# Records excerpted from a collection
^^^^

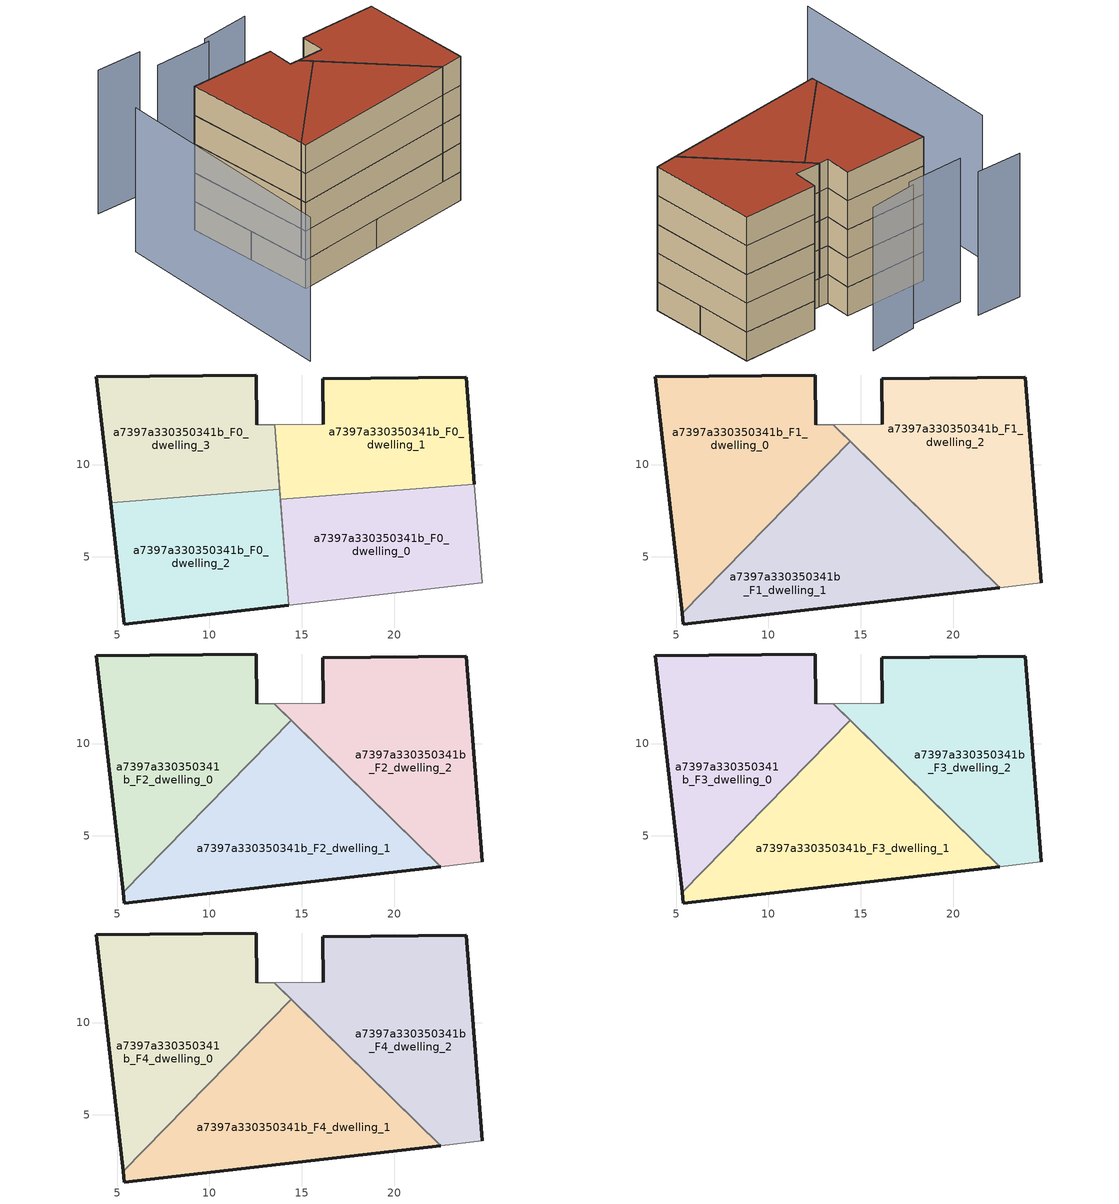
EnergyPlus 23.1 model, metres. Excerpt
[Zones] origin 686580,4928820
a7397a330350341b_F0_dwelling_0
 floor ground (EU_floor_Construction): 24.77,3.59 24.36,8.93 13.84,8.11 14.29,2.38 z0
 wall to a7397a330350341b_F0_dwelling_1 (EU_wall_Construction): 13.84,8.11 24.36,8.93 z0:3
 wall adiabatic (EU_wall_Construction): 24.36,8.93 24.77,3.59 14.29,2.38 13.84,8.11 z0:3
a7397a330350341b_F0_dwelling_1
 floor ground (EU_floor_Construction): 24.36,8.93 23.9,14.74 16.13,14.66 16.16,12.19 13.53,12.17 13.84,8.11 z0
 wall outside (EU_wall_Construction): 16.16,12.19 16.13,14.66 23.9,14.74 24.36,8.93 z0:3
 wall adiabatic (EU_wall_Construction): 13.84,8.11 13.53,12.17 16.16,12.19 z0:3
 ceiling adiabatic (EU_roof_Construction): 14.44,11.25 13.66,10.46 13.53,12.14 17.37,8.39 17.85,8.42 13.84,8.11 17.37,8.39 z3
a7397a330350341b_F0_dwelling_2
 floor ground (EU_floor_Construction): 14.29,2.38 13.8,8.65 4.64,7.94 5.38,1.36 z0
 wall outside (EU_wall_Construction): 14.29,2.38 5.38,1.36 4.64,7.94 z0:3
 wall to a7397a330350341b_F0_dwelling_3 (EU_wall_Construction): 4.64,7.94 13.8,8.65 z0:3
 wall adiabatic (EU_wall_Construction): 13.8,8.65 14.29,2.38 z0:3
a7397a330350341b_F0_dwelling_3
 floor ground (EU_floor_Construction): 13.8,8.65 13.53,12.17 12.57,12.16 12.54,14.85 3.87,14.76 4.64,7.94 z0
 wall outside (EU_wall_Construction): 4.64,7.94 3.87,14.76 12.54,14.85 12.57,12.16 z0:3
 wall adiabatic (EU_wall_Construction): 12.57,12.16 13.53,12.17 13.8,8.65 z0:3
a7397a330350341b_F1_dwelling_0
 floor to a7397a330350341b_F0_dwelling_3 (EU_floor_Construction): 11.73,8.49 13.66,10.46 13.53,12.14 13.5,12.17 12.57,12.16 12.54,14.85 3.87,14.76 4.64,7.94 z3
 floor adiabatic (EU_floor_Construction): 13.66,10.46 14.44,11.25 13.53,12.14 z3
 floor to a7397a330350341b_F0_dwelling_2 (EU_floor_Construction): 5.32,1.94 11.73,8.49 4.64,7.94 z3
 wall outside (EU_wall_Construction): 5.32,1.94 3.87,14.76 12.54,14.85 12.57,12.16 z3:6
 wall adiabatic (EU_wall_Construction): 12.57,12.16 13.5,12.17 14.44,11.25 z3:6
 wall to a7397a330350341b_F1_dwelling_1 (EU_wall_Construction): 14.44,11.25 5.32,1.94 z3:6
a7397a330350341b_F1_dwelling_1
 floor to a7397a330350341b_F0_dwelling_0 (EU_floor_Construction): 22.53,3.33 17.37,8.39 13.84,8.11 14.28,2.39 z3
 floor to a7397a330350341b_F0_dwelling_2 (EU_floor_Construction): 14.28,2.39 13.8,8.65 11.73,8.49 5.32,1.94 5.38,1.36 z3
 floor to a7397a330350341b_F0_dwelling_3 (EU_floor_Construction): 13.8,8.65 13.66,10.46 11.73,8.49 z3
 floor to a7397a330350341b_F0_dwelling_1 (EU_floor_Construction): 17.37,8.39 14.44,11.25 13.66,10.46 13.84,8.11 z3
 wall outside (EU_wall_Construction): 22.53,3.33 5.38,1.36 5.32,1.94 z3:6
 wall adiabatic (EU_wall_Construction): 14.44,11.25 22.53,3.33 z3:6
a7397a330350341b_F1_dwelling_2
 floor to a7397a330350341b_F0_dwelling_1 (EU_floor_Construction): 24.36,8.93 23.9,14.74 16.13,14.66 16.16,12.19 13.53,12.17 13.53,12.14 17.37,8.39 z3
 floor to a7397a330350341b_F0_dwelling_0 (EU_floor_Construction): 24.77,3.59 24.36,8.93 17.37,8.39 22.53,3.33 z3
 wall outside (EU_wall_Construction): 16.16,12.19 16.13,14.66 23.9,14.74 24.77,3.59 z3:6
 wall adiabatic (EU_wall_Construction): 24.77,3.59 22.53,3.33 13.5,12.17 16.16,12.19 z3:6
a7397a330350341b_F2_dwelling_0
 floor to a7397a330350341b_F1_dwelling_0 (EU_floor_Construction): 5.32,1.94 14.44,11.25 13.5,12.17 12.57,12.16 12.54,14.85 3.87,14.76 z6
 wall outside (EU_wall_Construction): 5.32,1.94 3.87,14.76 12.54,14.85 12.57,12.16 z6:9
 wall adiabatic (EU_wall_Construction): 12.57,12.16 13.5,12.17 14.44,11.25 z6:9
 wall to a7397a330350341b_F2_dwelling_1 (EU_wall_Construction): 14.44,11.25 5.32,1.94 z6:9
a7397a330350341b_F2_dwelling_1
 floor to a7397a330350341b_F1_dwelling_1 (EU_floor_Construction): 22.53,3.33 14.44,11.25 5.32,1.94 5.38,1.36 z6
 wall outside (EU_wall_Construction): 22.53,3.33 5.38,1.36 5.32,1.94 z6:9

^^^^

# WHAT THE TASK REQUIRES
Taking the records above, retype every line from the one with "13.5,12.17 14.44,11.25 z3:6" down to the one with "13.66,10.46 11.73,8.49 z3", exactly and with nothing else.

# YOUR RESPONSE
 wall adiabatic (EU_wall_Construction): 12.57,12.16 13.5,12.17 14.44,11.25 z3:6
 wall to a7397a330350341b_F1_dwelling_1 (EU_wall_Construction): 14.44,11.25 5.32,1.94 z3:6
a7397a330350341b_F1_dwelling_1
 floor to a7397a330350341b_F0_dwelling_0 (EU_floor_Construction): 22.53,3.33 17.37,8.39 13.84,8.11 14.28,2.39 z3
 floor to a7397a330350341b_F0_dwelling_2 (EU_floor_Construction): 14.28,2.39 13.8,8.65 11.73,8.49 5.32,1.94 5.38,1.36 z3
 floor to a7397a330350341b_F0_dwelling_3 (EU_floor_Construction): 13.8,8.65 13.66,10.46 11.73,8.49 z3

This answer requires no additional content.